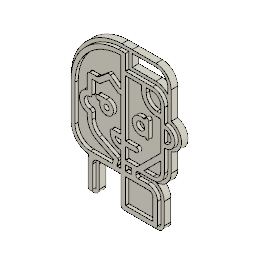
femIT_keychain (Autodesk Fusion 360 design; units mm, degrees)
Autodesk Fusion 360 part; units mm, degrees
sketch "MAIN" plane through (0, 0, 0) normal (0, 1, 0) x (1, 0, 0)
  line L0 (17.9916, -4.7059) -> (17.9916, -8.3513)
  line L1 (-9.0064, 3.7559) -> (-9.0064, -7.1582)
  line L2 (9.3752, 7.8431) -> (9.3752, 7.3129)
  arc A0 (12.3525, -3.3087) -> (13.2635, -3.4243) centre (12.8027, -3.4084) cw
  line L3 (3.167, 0.9058) -> (4.7357, 0.9058)
  line L4 (0.5265, -7.4454) -> (-1.9697, -7.4454)
  circle A1 centre (0.5265, -5.3563) radius 0.773
  arc A2 (-1.7946, -12.1762) -> (-2.4001, -11.97) centre (-2.4001, -12.9622) ccw
  arc A3 (18.0688, -9.5664) -> (17.9916, -9.6548) centre (18.0808, -9.6548) ccw
  spline S0 degree 3 poles (6.3043, 5.5675) (6.2676, 5.5675) (6.238, 5.5379) (6.238, 5.5012) knots 0 0 0 0 1 1 1 1
  spline S1 degree 3 poles (15.8928, 11.4887) (15.8928, 9.8013) (14.52, 8.4286) (12.8328, 8.4286) knots 0 0 0 0 1 1 1 1
  line L5 (6.3043, 6.7384) -> (7.8729, 6.7384)
  line L6 (4.5195, -12.2526) -> (1.6695, -14.3514)
  arc A4 (13.352, 9.8755) -> (14.4567, 11.0258) centre (13.352, 10.9811) ccw
  arc A5 (4.7303, -21.1201) -> (4.7964, -21.0671) centre (4.7314, -21.0537) ccw
  line L7 (4.7356, -12.2397) -> (4.5589, -12.2397)
  line L8 (2.5786, 7.2131) -> (2.2251, 8.3619)
  line L9 (-2.3821, 4.7038) -> (2.5445, 7.1341)
  arc A6 (12.1671, -8.257) -> (11.649, -8.0278) centre (11.8064, -8.3722) ccw
  arc A7 (-5.15, 9.5279) -> (-4.9416, 10.21) centre (-5.2035, 9.9172) ccw
  line L10 (6.238, -17.7188) -> (6.238, -22.2923)
  line L11 (7.9394, 6.8047) -> (7.9394, 8.3734)
  line L12 (9.6625, 5.5675) -> (6.3043, 5.5675)
  line L13 (-10.1773, -7.4786) -> (-10.1773, 3.865)
  line L14 (6.238, -22.2923) -> (4.1436, -22.2923)
  arc A8 (-5.2726, -7.0697) -> (-5.3234, -7.0131) centre (-5.3389, -7.0782) ccw
  arc A9 (-5.3234, -7.0131) -> (-5.3234, -1.1028) centre (-4.619, -4.058) cw
  arc A10 (4.7357, 2.1526) -> (3.1081, 0.9938) centre (4.7357, 0.4303) ccw
  arc A11 (-4.5662, -11.97) -> (-5.2726, -11.253) centre (-4.5556, -11.253) cw
  line L15 (17.9916, -9.6548) -> (17.9916, -14.0624)
  line L16 (4.7964, -21.0671) -> (4.8019, -12.306)
  arc A12 (-1.9697, -7.4454) -> (-1.9697, -6.0092) centre (-1.9697, -6.7273) cw
  arc A13 (18.0579, -4.6396) -> (17.9916, -4.7059) centre (18.0579, -4.7059) ccw
  line L17 (4.8019, 9.942) -> (4.8019, 17.8735)
  arc A14 (-5.2726, 0) -> (-2.3821, 4.7038) centre (0, 0) cw
  arc A15 (12.0111, -3.4605) -> (12.3525, -3.3087) centre (12.1257, -3.2584) ccw
  line L18 (-5.2726, -1.0382) -> (-5.2726, 0)
  arc A16 (9.4415, 0.5523) -> (9.4194, 1.9884) centre (9.4194, 1.2702) ccw
  arc A17 (13.2635, -8.0861) -> (12.1671, -8.257) centre (12.702, -8.0861) cw
  arc A18 (4.5589, -12.2397) -> (4.5195, -12.2526) centre (4.5587, -12.3059) ccw
  spline S2 degree 3 poles (6.3043, 17.4095) (6.2676, 17.4095) (6.238, 17.3799) (6.238, 17.3432) knots 0 0 0 0 1 1 1 1
  arc A19 (6.3043, -17.6525) -> (6.238, -17.7188) centre (6.3043, -17.7188) ccw
  line L19 (6.3043, 9.8755) -> (13.352, 9.8755)
  arc A20 (2.2251, 8.3619) -> (2.1616, 8.4085) centre (2.162, 8.3425) ccw
  arc A21 (17.9916, -8.3513) -> (18.0579, -8.4175) centre (18.0579, -8.3513) ccw
  spline S3 degree 3 poles (-10.1773, 3.865) (-10.1256, 6.7548) (-8.012, 9.1345) (-5.15, 9.5279) knots 0 0 0 0 1 1 1 1
  arc A22 (11.649, -8.0278) -> (12.0111, -3.4605) centre (10.7656, -5.6598) cw
  arc A23 (6.238, 2.0547) -> (6.3043, 1.9884) centre (6.3043, 2.0547) ccw
  line L20 (-5.2726, -11.253) -> (-5.2726, -7.0697)
  spline S4 degree 3 poles (9.9607, 8.4286) (9.6378, 8.4286) (9.3752, 8.1661) (9.3752, 7.8431) knots 0 0 0 0 1 1 1 1
  line L21 (0.7791, -14.3317) -> (-1.7946, -12.1762)
  line L22 (15.6827, -10.4943) -> (16.7544, -10.4943)
  arc A24 (-4.3557, 8.4085) -> (-9.0064, 3.7559) centre (-4.3557, 3.7579) ccw
  line L23 (5.7851, 18.8566) -> (14.9096, 18.8566)
  arc A25 (-1.5388, -6.0092) -> (-1.4815, -5.9331) centre (-1.5388, -5.9495) ccw
  arc A26 (-5.3234, -1.1028) -> (-5.2726, -1.0382) centre (-5.3388, -1.0385) ccw
  line L24 (6.238, 17.3432) -> (6.238, 9.942)
  line L25 (-1.9697, -6.0092) -> (-1.5388, -6.0092)
  line L26 (-2.4001, -11.97) -> (-4.5662, -11.97)
  arc A27 (-9.0064, -7.1582) -> (4.7303, -21.1201) centre (4.9573, -7.1582) ccw
  arc A28 (2.5445, 7.1341) -> (2.5786, 7.2131) centre (2.5152, 7.1936) ccw
  line L27 (2.1616, 8.4085) -> (-4.3557, 8.4085)
  circle A29 centre (4.7357, 2.0863) radius 0.0663
  spline S5 degree 3 poles (9.7092, 5.5482) (9.6969, 5.5605) (9.6799, 5.5675) (9.6625, 5.5675) knots 0 0 0 0 1 1 1 1
  line L28 (15.8928, 17.8735) -> (15.8928, 11.4887)
  arc A30 (1.6695, -14.3514) -> (0.7791, -14.3317) centre (1.2366, -13.7855) cw
  arc A31 (18.0579, -8.4175) -> (18.0579, -4.6396) centre (18.0579, -6.5286) ccw
  arc A32 (4.8019, -12.306) -> (4.7356, -12.2397) centre (4.7356, -12.306) ccw
  line L29 (6.238, 8.3734) -> (6.238, 6.8047)
  arc A33 (-1.4815, -5.9331) -> (0.5265, -7.4454) centre (0.5265, -5.3563) cw
  line L30 (13.2635, -3.4243) -> (13.2635, -8.0861)
  spline S6 degree 3 poles (-3.8353, 0.0055) (-3.8354, 0.0037) (-3.8365, 0.002) (-3.8365, 0) knots 0 0 0 0 1 1 1 1
  spline S7 degree 3 poles (7.9394, 8.3734) (7.9394, 8.41) (7.9095, 8.4396) (7.8729, 8.4396) knots 0 0 0 0 1 1 1 1
  line L31 (16.8209, 0.6188) -> (16.8209, 3.4024)
  spline S8 degree 3 poles (7.8729, 6.7384) (7.9095, 6.7384) (7.9394, 6.7681) (7.9394, 6.8047) knots 0 0 0 0 1 1 1 1
  arc A34 (3.1081, 0.9938) -> (3.1707, 0.9058) centre (3.1707, 0.9721) ccw
  line L32 (7.8729, 8.4396) -> (6.3043, 8.4396)
  spline S9 degree 3 poles (14.9096, 18.8566) (15.4516, 18.8566) (15.8928, 18.4155) (15.8928, 17.8735) knots 0 0 0 0 1 1 1 1
  line L33 (4.8019, 3.7021) -> (4.8019, 8.3513)
  arc A35 (14.3904, -17.6525) -> (17.9916, -14.0624) centre (14.3904, -14.0513) ccw
  spline S10 degree 3 poles (4.7357, 9.8755) (4.7723, 9.8755) (4.8019, 9.9052) (4.8019, 9.942) knots 0 0 0 0 1 1 1 1
  spline S11 degree 3 poles (6.238, 9.942) (6.238, 9.9052) (6.2676, 9.8755) (6.3043, 9.8755) knots 0 0 0 0 1 1 1 1
  arc A36 (4.7357, 0.9058) -> (4.8019, 0.9721) centre (4.7357, 0.9721) ccw
  arc A37 (16.7544, -10.4943) -> (16.8209, -10.428) centre (16.7544, -10.4278) ccw
  line L34 (14.6553, 5.5675) -> (11.8716, 5.5675)
  line L35 (-2.047, 9.8755) -> (4.7357, 9.8755)
  arc A38 (17.9916, 3.1373) -> (14.3794, 6.7274) centre (14.3794, 3.1151) ccw
  arc A39 (16.7074, 0.5718) -> (16.8209, 0.6188) centre (16.7544, 0.6188) ccw
  arc A40 (-3.6596, 11.4887) -> (-2.047, 9.8755) centre (-2.0464, 11.4887) ccw
  line L36 (11.8248, 5.4543) -> (16.7074, 0.5718)
  arc A41 (5.7851, 18.8566) -> (4.8019, 17.8735) centre (5.7851, 17.8735) ccw
  arc A42 (-3.6596, 18.1167) -> (-5.0959, 18.1167) centre (-4.3777, 18.1167) ccw
  arc A43 (11.8716, 5.5675) -> (11.8248, 5.4543) centre (11.8717, 5.5012) ccw
  arc A44 (-10.1773, -7.4786) -> (4.1436, -22.2923) centre (4.6449, -7.4786) ccw
  spline S12 degree 3 poles (14.4567, 17.3432) (14.4567, 17.3799) (14.4271, 17.4095) (14.3904, 17.4095) knots 0 0 0 0 1 1 1 1
  spline S13 degree 3 poles (-3.8365, 0.011) (-3.8365, 0.0092) (-3.8354, 0.0074) (-3.8353, 0.0055) knots 0 0 0 0 1 1 1 1
  line L37 (4.7356, -0.5302) -> (2.206, -0.5302)
  spline S14 degree 3 poles (6.3043, 8.4396) (6.2676, 8.4396) (6.238, 8.41) (6.238, 8.3734) knots 0 0 0 0 1 1 1 1
  arc A45 (2.206, -0.5302) -> (1.5982, 0.0773) centre (2.206, 0.0775) cw
  line L38 (14.4567, 11.0258) -> (14.4567, 17.3432)
  line L39 (12.8328, 8.4286) -> (9.9607, 8.4286)
  arc A46 (15.6827, -10.4943) -> (11.0543, -15.1118) centre (15.6718, -15.1118) ccw
  arc A47 (-5.0959, 10.5483) -> (-4.9416, 10.21) centre (-4.633, 10.5551) ccw
  line L40 (14.3904, 17.4095) -> (6.3043, 17.4095)
  line L41 (1.5982, 0.0773) -> (1.5982, 0.4419)
  line L42 (4.8019, 0.9721) -> (4.8019, 2.0863)
  arc A48 (6.3043, 0.5523) -> (6.238, 0.4861) centre (6.3043, 0.4861) ccw
  arc A49 (4.6891, 3.5983) -> (4.8019, 3.7021) centre (4.6977, 3.7021) ccw
  arc A50 (10.9881, -16.4814) -> (11.0543, -16.4151) centre (10.9881, -16.4151) ccw
  arc A51 (1.5982, 0.4419) -> (4.6891, 3.5983) centre (4.7553, 0.4419) cw
  line L43 (-5.0959, 10.5483) -> (-5.0959, 18.1167)
  arc A52 (16.8209, 3.4024) -> (14.6553, 5.5675) centre (14.6553, 3.402) ccw
  arc A53 (4.8019, 8.3513) -> (4.7356, 8.4175) centre (4.7356, 8.3513) ccw
  arc A54 (18.0025, -3.3804) -> (18.0688, -3.4465) centre (18.0688, -3.3803) ccw
  line L44 (-3.6596, 18.1167) -> (-3.6596, 11.4887)
  arc A55 (18.0688, -9.5664) -> (18.0688, -3.4465) centre (18.0688, -6.5065) ccw
  line L45 (9.9607, 6.7274) -> (14.3794, 6.7274)
  circle A56 centre (10.7656, -5.6598) radius 1.2113
  spline S15 degree 3 poles (6.238, 6.8047) (6.238, 6.7681) (6.2676, 6.7384) (6.3043, 6.7384) knots 0 0 0 0 1 1 1 1
  line L46 (4.7356, 8.4175) -> (3.6974, 8.4175)
  arc A57 (6.238, -16.4151) -> (6.3043, -16.4814) centre (6.3043, -16.4151) ccw
  arc A58 (-1.6686, 3.4447) -> (-3.8365, 0) centre (-0.0158, 0) ccw
  arc A59 (4.1181, 6.7692) -> (3.8886, 6.2231) centre (3.6781, 6.6329) cw
  line L47 (-3.8365, 0) -> (-3.8365, -1.705)
  line L48 (3.6341, 8.3317) -> (4.1181, 6.7692)
  line L49 (3.8886, 6.2231) -> (-1.6686, 3.4447)
  arc A60 (3.6974, 8.4175) -> (3.6341, 8.3317) centre (3.6974, 8.3513) ccw
  arc A61 (-4.5807, -5.6331) -> (-3.8365, -6.3629) centre (-4.5607, -6.357) cw
  line L50 (6.3043, -16.4814) -> (10.9881, -16.4814)
  line L51 (-3.7703, -10.5385) -> (-1.5188, -10.5385)
  arc A62 (16.8209, -11.9967) -> (16.7544, -11.9304) centre (16.7544, -11.9968) ccw
  arc A63 (14.3904, -16.4814) -> (16.8209, -14.0734) centre (14.3904, -14.0509) ccw
  line L52 (17.9916, 3.1373) -> (18.0025, -3.3804)
  line L53 (16.8013, -1.5438) -> (9.7092, 5.5482)
  arc A64 (-4.6209, -2.4303) -> (-4.5807, -5.6331) centre (-4.6209, -4.0319) ccw
  arc A65 (1.2243, -12.8428) -> (1.3064, -12.8454) centre (1.267, -12.792) ccw
  line L54 (11.0543, -16.4151) -> (11.0543, -15.1118)
  line L55 (16.8209, -14.0734) -> (16.8209, -11.9967)
  arc A66 (-3.8365, -1.705) -> (-4.6209, -2.4303) centre (-4.6209, -1.6435) cw
  line L56 (12.5567, -16.4814) -> (14.3904, -16.4814)
  line L57 (-3.8365, -6.3629) -> (-3.8365, -10.4722)
  arc A67 (4.8019, -0.5965) -> (4.7356, -0.5302) centre (4.7356, -0.5965) ccw
  line L58 (6.238, 0.4861) -> (6.238, -16.4151)
  line L59 (4.0725, -10.8036) -> (4.7356, -10.8036)
  arc A68 (4.7356, -10.8036) -> (4.8019, -10.7373) centre (4.7356, -10.7373) ccw
  line L60 (1.3064, -12.8454) -> (4.0725, -10.8036)
  arc A69 (-3.8365, -10.4722) -> (-3.7703, -10.5385) centre (-3.7703, -10.4722) ccw
  line L61 (4.8019, -10.7373) -> (4.8019, -0.5965)
  line L62 (-1.5188, -10.5385) -> (1.2243, -12.8428)
  line L63 (9.4415, 0.5523) -> (6.3043, 0.5523)
  arc A70 (12.4904, -16.4151) -> (12.5567, -16.4814) centre (12.5567, -16.4151) ccw
  spline S16 degree 3 poles (9.3752, 7.3129) (9.3752, 6.9901) (9.6378, 6.7274) (9.9607, 6.7274) knots 0 0 0 0 1 1 1 1
  line L64 (12.4904, -15.1118) -> (12.4904, -16.4151)
  line L65 (6.238, 5.5012) -> (6.238, 2.0547)
  line L66 (6.3043, 1.9884) -> (9.4194, 1.9884)
  line L67 (16.8209, -10.428) -> (16.8209, -1.5907)
  arc A71 (15.6718, -11.9304) -> (12.4904, -15.1118) centre (15.6718, -15.1118) ccw
  line L68 (16.7544, -11.9304) -> (15.6718, -11.9304)
  line L69 (14.3904, -17.6525) -> (6.3043, -17.6525)
  spline S17 degree 3 poles (16.8209, -1.5907) (16.8209, -1.573) (16.8137, -1.5563) (16.8013, -1.5438) knots 0 0 0 0 1 1 1 1
  line L70 (7.238, -23.2923) -> (4.1269, -23.2923)
  arc A72 (-11.1773, -7.4786) -> (4.1269, -23.2923) centre (4.6449, -7.4786) ccw
  line L71 (-11.1773, -7.4786) -> (-11.1773, 3.874)
  spline S18 degree 3 poles (-11.1773, 3.874) (-11.1773, 3.877) (-11.1772, 3.88) (-11.1772, 3.8829) (-11.1218, 6.9765) (-9.0162, 9.6026) (-6.083, 10.3615) knots -0.001032 -0.001032 -0.001032 -0.001032 0 0 0 0.918689 0.918689 0.918689 0.918689
  arc A73 (-6.0959, 10.5429) -> (-6.083, 10.3615) centre (-4.633, 10.5551) ccw
  line L72 (-6.0959, 10.5429) -> (-6.0959, 18.1167)
  arc A74 (-2.6596, 18.1167) -> (-6.0959, 18.1167) centre (-4.3777, 18.1167) ccw
  line L73 (-2.6596, 18.1167) -> (-2.6596, 11.4887)
  arc A75 (-2.6596, 11.4887) -> (-2.0462, 10.8755) centre (-2.0464, 11.4887) ccw
  line L74 (-2.0462, 10.8755) -> (3.8019, 10.8755)
  line L75 (3.8019, 10.8755) -> (3.8019, 17.8735)
  arc A76 (5.7851, 19.8566) -> (3.8019, 17.8735) centre (5.7851, 17.8735) ccw
  line L76 (5.7851, 19.8566) -> (14.9096, 19.8566)
  spline S19 degree 3 poles (14.9096, 19.8566) (15.8842, 19.8566) (16.7097, 19.1405) (16.866, 18.1986) (16.8837, 18.0923) (16.8928, 17.9834) (16.8928, 17.8735) knots 0 0 0 0 0.898599 0.898599 0.898599 1 1 1 1
  line L77 (16.8928, 17.8735) -> (16.8928, 11.4887)
  spline S20 degree 3 poles (16.8928, 11.4887) (16.8928, 9.7969) (15.8471, 8.3329) (14.3617, 7.7274) knots 0 0 0 0 0.758742 0.758742 0.758742 0.758742
  line L78 (14.3617, 7.7274) -> (14.3794, 7.7274)
  arc A77 (18.9916, 3.141) -> (14.3794, 7.7274) centre (14.3794, 3.1151) ccw
  line L79 (18.9916, 3.141) -> (19.0011, -2.5551)
  arc A78 (18.9916, -10.4601) -> (19.0011, -2.5551) centre (18.0688, -6.5065) ccw
  line L80 (18.9916, -10.4601) -> (18.9916, -14.0638)
  arc A79 (14.3904, -18.6525) -> (18.9916, -14.0638) centre (14.3904, -14.0513) ccw
  line L81 (14.3904, -18.6525) -> (7.238, -18.6525)
  line L82 (7.238, -18.6525) -> (7.238, -23.2923)
  line L83 (7.238, -23.2923) -> (21.9939, -23.2923)
  line L84 (18.9916, -14.0638) -> (18.9916, -25.254)
  arc A80 (14.3904, -23.2923) -> (18.9916, -18.6911) centre (14.3904, -18.6911) ccw
  arc A81 (14.3904, -22.2923) -> (17.9916, -18.6911) centre (14.3904, -18.6911) ccw
  line L85 (14.3904, -22.2923) -> (7.238, -22.2923)
  line L86 (17.9916, -18.6911) -> (17.9916, -16.9153)
  line L87 (5.7851, 19.8566) -> (-4.3777, 19.8348)
  dimension "d6" = 1
  dimension "d7" = -1
  constraint horizontal L83
  constraint perpendicular L82 L83
  constraint vertical L84
  constraint tangent L83 A80
  constraint tangent L84 A80
  constraint equal A79 A80
  constraint coincident L83 A80.start
  constraint coincident L84 A80.end
  constraint coincident L82 L85.end
  constraint tangent A81 L85
  constraint perpendicular L82 L85
  constraint coincident A79 L86.end
  constraint tangent A81 L86
  constraint vertical L86
  constraint midpoint A74 L87.end
extrude "Extrude1" add sketch "MAIN" along normal blind 2 contours L0 A13 A21 A31 | L1 A2 L6 A5 L7 L8 L9 A8 A9 A11 L16 A14 L18 A18 A20 L20 L21 A24 A26 L26 A27 A28 L27 A30 A32 | L2 A3 S1 A7 L10 L13 L14 L15 L17 A19 S3 S4 L23 L28 S9 A35 S10 L35 A38 A40 A41 A42 A44 L39 A47 L43 A54 L44 A55 L45 L52 S16 L69 | A0 A6 A15 A17 A22 L30 | L3 A10 A29 A34 A36 L42 | L4 A12 A25 L25 A33 | A1 | S0 L12 A16 A23 L22 S5 A37 A46 A48 A50 A57 L50 L53 L54 L58 L63 L65 L66 L67 S17 | L5 L11 L29 S7 S8 L32 S14 S15 | A4 S2 L19 L24 S11 S12 L38 L40 | L33 L37 A45 L41 A49 A51 A53 L46 A58 A59 L47 L48 L49 A60 A61 L51 A64 A65 A66 L57 A67 L59 A68 L60 A69 L61 L62 | L31 L34 A39 L36 A43 A52 | A56 | A62 A63 L55 L56 A70 L64 A71 L68 | L70 A72 L71 S18 A73 L72 A74 L73 A75 L74 L75 A76 L76 S19 L77 S20 A77 L79 A78 L80 A79 L81 L82 | A79 L82 L83 L84 A80 A81 L85 L86
extrude "Extrude2" add sketch "MAIN" against normal blind 1 contours L2 A3 S1 A7 L10 L13 L14 L15 L17 A19 S3 S4 L23 L28 S9 A35 S10 L35 A38 A40 A41 A42 A44 L39 A47 L43 A54 L44 A55 L45 L52 S16 L69 | A0 A6 A15 A17 A22 L30 | L4 A12 A25 L25 A33

- - -

Begin at the line above that has "circle A29 centre" and stop after the line that has "line L28 (15.8928, 17.8735)", copying each line exactly and adding nothing else.

  circle A29 centre (4.7357, 2.0863) radius 0.0663
  spline S5 degree 3 poles (9.7092, 5.5482) (9.6969, 5.5605) (9.6799, 5.5675) (9.6625, 5.5675) knots 0 0 0 0 1 1 1 1
  line L28 (15.8928, 17.8735) -> (15.8928, 11.4887)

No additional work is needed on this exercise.